Planeta Terra, século αω (alfômega). Acabo de despertar de um coma que durou 50 anos. Percebo minha retardação temporal e logo procuro descobrir quais mudanças esse planeta sofreu na minha ausência. Ao sair de minha cama, que nesse momento mais parece uma cápsula do tempo, vou em direção a porta de saída da sala onde estou localizado. E para o primeiro choque, percebo que não existem mais diversidades na paisagem. Antes o que eram ruas, árvores, nuvens e o sol à brilhar. Agora não passam de simples luzes (sem muita cor) e algumas sombras transitando em meio ao estreitos corredores. Tudo agora se resume a um imenso labirinto. Não mais existem continentes, países ou nações. Apenas um emaranhado de coisas iguais passando de um lado a outro.


Qual foi o agente causador de tal feito? Eis um mistério. A única última coisa que me lembro, antes de entrar no estado de coma foi a busca incansável das pessoas em tentar serem diferentes umas das outras. Buscar a individualidade por meio de vossos atos, características e sentimentos. Creio eu, que até nisso acabaram sendo iguais. Caso contrário, esse futuro não mais existiria.


Se bem que... não me lembro de ter feito algo diferente dos demais. Tenho um forte pressentimento que esse foi o motivo de ter estado tanto tempo inativo. Quando nos entregamos a buscar uma unidade da mesma forma que os outros, por consequência, deixamos de sermos nós mesmos. Logo nos igualamos à massa. Sinto que apenas o fato de ter saído da minha sala está causando uma transmutação nos átomos que me compõem. A cada ar respirado sinto que estou ficando opaco, sem textura ou voz. Estou tornando-me uma sombra! Sinto que esse labirinto está me sugando aos poucos. Estou perdendo o pouco de memória que ainda me resta...


As nossas escolhas tem a característica de mudar, nos fazer regredir ou simplesmente agredir nosso futuro. Isso! Foram as escolhas tomadas por cada um que moldaram, ou melhor, lapidaram o planeta e o transformaram nesse emaranhado de corredores escuros, confusos e cheios de sombras. Como não pude lembrar-me disso mais cedo? Certamente, devido ao fato de meu ser estar sumindo aos poucos. Então irei aproveitar o tempo que me resta e contar o porquê de ter entrado em coma e acordado nessa realidade.

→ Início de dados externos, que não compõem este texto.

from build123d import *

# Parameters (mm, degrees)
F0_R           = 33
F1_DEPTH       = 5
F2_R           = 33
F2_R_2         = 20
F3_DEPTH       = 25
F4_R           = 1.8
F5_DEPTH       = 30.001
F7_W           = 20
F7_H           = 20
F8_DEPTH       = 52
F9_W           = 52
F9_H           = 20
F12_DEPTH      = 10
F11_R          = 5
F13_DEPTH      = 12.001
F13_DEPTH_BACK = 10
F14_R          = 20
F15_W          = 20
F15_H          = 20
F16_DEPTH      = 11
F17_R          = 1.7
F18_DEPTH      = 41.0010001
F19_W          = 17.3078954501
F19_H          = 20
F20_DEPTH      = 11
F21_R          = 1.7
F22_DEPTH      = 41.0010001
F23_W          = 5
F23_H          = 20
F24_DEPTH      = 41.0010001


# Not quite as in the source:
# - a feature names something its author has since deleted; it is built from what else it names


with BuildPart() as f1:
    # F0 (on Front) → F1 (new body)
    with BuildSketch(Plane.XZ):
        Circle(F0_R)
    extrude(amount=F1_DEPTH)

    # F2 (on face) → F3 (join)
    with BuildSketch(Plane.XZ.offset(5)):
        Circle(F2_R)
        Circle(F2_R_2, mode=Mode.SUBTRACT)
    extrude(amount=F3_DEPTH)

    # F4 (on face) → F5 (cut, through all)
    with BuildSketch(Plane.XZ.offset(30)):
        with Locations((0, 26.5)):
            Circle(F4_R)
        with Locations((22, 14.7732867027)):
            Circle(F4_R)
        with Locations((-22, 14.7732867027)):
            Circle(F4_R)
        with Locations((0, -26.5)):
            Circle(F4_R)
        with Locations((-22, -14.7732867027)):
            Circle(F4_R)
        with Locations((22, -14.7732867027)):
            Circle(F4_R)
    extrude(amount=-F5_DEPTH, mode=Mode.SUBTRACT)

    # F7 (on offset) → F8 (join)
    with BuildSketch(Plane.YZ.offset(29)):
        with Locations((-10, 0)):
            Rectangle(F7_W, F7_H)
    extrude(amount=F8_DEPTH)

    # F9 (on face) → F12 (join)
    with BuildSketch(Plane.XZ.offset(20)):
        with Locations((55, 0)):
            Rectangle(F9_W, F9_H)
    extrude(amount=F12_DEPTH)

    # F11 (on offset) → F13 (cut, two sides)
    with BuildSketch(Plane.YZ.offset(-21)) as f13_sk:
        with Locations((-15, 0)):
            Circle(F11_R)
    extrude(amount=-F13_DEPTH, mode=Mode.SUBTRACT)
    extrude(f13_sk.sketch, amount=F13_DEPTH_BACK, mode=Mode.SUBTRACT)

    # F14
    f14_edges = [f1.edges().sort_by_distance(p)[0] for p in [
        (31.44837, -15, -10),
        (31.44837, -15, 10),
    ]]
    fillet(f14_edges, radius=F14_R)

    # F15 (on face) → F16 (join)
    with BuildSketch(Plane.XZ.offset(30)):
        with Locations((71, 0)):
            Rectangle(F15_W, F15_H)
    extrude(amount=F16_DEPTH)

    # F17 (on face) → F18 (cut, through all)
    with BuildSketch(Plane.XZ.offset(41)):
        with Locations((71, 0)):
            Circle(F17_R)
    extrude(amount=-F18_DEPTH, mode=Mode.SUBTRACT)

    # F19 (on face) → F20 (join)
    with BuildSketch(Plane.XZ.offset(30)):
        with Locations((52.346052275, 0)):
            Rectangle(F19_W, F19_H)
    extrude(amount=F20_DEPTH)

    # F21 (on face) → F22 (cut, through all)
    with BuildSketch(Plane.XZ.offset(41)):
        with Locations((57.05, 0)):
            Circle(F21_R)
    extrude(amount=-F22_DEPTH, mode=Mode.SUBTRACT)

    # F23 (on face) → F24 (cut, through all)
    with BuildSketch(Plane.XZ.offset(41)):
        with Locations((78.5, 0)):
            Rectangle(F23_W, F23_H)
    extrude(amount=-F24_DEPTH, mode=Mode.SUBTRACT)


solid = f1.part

Há exatos 50 anos a Terra estava vivendo o então chamado Capitalismo. Foi um marco na historia da humanidade. Marcado pelo consumo de mercadorias, pela produção crescente do capital e pela maior praga já adquirida pelos humanos - a depressão. Por que tais coisas me fizeram desistir da época que nasci? Bem... antes do Capitalismo tomar um grande rumo, as pessoas passavam maior parte de suas vidas buscando ser alguém que marcaria traria grandes mudanças ou que simplesmente ao ser ditos vossos nomes, atribuiriam grandes feitos e fizessem delas peças únicas da história.

Mas, quando o ditador das nações – o Capitalismo, fincou raízes no mundo. Extraiu esse desejo de legitima autenticidade das pessoas. Tornando-as iguais umas as outras. Passaram-se vários anos de igualdade e compras desenfreadas. Até que então eclode o sentimento de existencialismo universal. Questionamentos e mais questionamentos. Por que de seguirem tais padrões sem que ajam motivos de diferenciarem umas das outras? Apenas peças de um imenso tabuleiro de xadrez. Onde somos os peões e o Capitalismo marcha a cada jogada para dar o xeque-mate. As pessoas entram em desespero ao perceber que as vidas estão chegando ao fim e que até agora não descobriram o sentido de vir ao mundo. Ficou meio confuso né? Realmente, assim como minha vida foi.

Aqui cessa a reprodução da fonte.